Problem requirements: Copy each line of the following material exactly.

*** Opening Exercise data ***

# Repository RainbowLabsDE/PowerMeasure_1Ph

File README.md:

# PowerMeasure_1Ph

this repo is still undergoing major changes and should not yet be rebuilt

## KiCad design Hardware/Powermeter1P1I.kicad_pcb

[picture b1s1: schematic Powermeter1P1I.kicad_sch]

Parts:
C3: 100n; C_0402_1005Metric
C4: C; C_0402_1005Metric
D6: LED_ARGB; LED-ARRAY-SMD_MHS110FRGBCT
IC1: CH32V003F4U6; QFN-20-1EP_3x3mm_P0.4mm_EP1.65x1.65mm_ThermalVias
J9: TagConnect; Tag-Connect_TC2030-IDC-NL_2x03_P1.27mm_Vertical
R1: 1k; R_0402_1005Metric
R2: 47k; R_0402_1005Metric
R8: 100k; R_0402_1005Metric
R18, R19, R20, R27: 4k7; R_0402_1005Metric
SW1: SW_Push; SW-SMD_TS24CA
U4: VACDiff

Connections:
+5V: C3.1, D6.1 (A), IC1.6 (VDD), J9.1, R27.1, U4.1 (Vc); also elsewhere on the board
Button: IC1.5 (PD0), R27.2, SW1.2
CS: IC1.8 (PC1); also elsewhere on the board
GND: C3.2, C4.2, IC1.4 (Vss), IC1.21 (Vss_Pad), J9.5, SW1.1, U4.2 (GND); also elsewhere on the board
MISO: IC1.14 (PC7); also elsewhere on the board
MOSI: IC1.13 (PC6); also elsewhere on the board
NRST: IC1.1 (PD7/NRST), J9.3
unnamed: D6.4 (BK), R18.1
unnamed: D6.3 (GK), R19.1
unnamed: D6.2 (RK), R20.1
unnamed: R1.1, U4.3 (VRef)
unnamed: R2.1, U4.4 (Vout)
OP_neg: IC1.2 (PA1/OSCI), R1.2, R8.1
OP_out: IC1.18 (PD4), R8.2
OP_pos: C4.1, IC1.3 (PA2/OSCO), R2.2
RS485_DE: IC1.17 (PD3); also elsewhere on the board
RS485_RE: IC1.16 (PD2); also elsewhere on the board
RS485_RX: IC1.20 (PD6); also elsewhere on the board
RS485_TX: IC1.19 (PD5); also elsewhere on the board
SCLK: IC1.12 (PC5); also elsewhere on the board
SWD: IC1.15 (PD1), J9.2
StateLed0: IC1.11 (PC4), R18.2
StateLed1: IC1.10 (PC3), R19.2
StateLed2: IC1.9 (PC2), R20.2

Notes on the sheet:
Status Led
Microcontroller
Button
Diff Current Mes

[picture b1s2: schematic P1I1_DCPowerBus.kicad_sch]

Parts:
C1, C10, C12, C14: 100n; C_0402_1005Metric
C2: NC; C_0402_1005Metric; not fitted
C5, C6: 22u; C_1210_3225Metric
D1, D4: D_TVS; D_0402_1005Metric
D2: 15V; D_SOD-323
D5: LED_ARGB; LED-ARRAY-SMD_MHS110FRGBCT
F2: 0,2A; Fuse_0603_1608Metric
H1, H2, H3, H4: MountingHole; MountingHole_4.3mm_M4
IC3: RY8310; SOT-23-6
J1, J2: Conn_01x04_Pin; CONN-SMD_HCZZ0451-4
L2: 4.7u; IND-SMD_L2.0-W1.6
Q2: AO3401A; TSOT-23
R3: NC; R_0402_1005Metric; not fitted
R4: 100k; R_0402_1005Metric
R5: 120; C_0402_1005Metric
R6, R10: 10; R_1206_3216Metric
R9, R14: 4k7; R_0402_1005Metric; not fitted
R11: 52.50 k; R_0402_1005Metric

*** Closing Exercise data ***

Answer space:
# Repository RainbowLabsDE/PowerMeasure_1Ph

File README.md:

# PowerMeasure_1Ph

this repo is still undergoing major changes and should not yet be rebuilt

## KiCad design Hardware/Powermeter1P1I.kicad_pcb

[picture b1s1: schematic Powermeter1P1I.kicad_sch]

Parts:
C3: 100n; C_0402_1005Metric
C4: C; C_0402_1005Metric
D6: LED_ARGB; LED-ARRAY-SMD_MHS110FRGBCT
IC1: CH32V003F4U6; QFN-20-1EP_3x3mm_P0.4mm_EP1.65x1.65mm_ThermalVias
J9: TagConnect; Tag-Connect_TC2030-IDC-NL_2x03_P1.27mm_Vertical
R1: 1k; R_0402_1005Metric
R2: 47k; R_0402_1005Metric
R8: 100k; R_0402_1005Metric
R18, R19, R20, R27: 4k7; R_0402_1005Metric
SW1: SW_Push; SW-SMD_TS24CA
U4: VACDiff

Connections:
+5V: C3.1, D6.1 (A), IC1.6 (VDD), J9.1, R27.1, U4.1 (Vc); also elsewhere on the board
Button: IC1.5 (PD0), R27.2, SW1.2
CS: IC1.8 (PC1); also elsewhere on the board
GND: C3.2, C4.2, IC1.4 (Vss), IC1.21 (Vss_Pad), J9.5, SW1.1, U4.2 (GND); also elsewhere on the board
MISO: IC1.14 (PC7); also elsewhere on the board
MOSI: IC1.13 (PC6); also elsewhere on the board
NRST: IC1.1 (PD7/NRST), J9.3
unnamed: D6.4 (BK), R18.1
unnamed: D6.3 (GK), R19.1
unnamed: D6.2 (RK), R20.1
unnamed: R1.1, U4.3 (VRef)
unnamed: R2.1, U4.4 (Vout)
OP_neg: IC1.2 (PA1/OSCI), R1.2, R8.1
OP_out: IC1.18 (PD4), R8.2
OP_pos: C4.1, IC1.3 (PA2/OSCO), R2.2
RS485_DE: IC1.17 (PD3); also elsewhere on the board
RS485_RE: IC1.16 (PD2); also elsewhere on the board
RS485_RX: IC1.20 (PD6); also elsewhere on the board
RS485_TX: IC1.19 (PD5); also elsewhere on the board
SCLK: IC1.12 (PC5); also elsewhere on the board
SWD: IC1.15 (PD1), J9.2
StateLed0: IC1.11 (PC4), R18.2
StateLed1: IC1.10 (PC3), R19.2
StateLed2: IC1.9 (PC2), R20.2

Notes on the sheet:
Status Led
Microcontroller
Button
Diff Current Mes

[picture b1s2: schematic P1I1_DCPowerBus.kicad_sch]

Parts:
C1, C10, C12, C14: 100n; C_0402_1005Metric
C2: NC; C_0402_1005Metric; not fitted
C5, C6: 22u; C_1210_3225Metric
D1, D4: D_TVS; D_0402_1005Metric
D2: 15V; D_SOD-323
D5: LED_ARGB; LED-ARRAY-SMD_MHS110FRGBCT
F2: 0,2A; Fuse_0603_1608Metric
H1, H2, H3, H4: MountingHole; MountingHole_4.3mm_M4
IC3: RY8310; SOT-23-6
J1, J2: Conn_01x04_Pin; CONN-SMD_HCZZ0451-4
L2: 4.7u; IND-SMD_L2.0-W1.6
Q2: AO3401A; TSOT-23
R3: NC; R_0402_1005Metric; not fitted
R4: 100k; R_0402_1005Metric
R5: 120; C_0402_1005Metric
R6, R10: 10; R_1206_3216Metric
R9, R14: 4k7; R_0402_1005Metric; not fitted
R11: 52.50 k; R_0402_1005Metric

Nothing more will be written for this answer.